What this task involves = Go through the data and retrieve each line that includes the string "import".

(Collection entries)

Content starts

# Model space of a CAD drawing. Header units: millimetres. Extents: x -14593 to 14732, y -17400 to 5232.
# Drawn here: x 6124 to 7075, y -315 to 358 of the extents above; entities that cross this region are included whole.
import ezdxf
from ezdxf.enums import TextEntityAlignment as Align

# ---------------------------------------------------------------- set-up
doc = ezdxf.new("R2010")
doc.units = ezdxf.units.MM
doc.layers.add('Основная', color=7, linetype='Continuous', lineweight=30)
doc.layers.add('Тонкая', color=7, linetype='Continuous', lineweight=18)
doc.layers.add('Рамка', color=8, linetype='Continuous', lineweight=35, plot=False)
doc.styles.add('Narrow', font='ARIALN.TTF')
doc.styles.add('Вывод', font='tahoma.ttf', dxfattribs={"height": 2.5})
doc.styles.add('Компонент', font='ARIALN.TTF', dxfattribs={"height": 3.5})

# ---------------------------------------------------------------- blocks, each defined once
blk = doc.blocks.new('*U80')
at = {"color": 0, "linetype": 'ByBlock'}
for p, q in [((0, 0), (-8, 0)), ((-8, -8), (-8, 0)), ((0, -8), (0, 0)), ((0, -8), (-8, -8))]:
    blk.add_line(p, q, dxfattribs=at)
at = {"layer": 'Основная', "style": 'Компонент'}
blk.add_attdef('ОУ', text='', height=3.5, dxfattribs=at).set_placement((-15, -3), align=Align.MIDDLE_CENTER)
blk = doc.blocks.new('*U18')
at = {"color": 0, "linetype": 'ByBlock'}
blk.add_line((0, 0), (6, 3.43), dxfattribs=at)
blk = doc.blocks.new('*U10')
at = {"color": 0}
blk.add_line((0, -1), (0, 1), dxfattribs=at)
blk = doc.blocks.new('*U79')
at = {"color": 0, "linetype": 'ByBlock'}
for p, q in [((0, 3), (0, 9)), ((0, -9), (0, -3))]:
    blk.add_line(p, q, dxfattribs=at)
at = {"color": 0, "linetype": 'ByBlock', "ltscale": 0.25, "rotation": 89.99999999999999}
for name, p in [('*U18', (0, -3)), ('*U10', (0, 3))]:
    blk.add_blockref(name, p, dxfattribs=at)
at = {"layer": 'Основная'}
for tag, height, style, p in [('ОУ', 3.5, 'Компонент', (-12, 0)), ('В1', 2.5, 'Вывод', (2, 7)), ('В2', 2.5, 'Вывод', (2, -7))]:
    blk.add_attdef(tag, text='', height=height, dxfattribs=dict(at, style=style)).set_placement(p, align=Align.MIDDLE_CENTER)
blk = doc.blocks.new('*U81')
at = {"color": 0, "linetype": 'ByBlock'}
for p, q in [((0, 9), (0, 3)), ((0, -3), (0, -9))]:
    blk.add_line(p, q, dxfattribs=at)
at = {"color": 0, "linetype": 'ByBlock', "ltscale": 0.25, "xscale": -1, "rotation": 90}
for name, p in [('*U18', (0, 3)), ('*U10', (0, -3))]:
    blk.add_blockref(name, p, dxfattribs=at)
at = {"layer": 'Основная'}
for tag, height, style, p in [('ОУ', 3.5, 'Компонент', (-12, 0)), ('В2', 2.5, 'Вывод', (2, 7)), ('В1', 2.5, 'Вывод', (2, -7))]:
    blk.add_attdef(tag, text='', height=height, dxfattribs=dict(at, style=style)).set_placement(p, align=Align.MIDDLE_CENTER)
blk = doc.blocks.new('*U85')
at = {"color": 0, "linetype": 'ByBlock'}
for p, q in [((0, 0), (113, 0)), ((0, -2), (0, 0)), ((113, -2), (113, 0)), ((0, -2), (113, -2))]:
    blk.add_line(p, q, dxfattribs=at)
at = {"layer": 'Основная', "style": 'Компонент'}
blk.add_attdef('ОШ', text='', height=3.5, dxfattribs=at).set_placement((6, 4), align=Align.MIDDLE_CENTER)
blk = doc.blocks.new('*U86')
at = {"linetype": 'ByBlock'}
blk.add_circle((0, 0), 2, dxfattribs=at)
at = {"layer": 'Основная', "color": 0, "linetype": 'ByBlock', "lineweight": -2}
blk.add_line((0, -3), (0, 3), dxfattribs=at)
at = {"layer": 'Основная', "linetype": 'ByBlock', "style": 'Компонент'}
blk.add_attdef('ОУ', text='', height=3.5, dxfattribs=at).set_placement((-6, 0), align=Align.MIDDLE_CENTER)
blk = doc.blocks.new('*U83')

Content ends

Solution to this problem =
import ezdxf
from ezdxf.enums import TextEntityAlignment as Align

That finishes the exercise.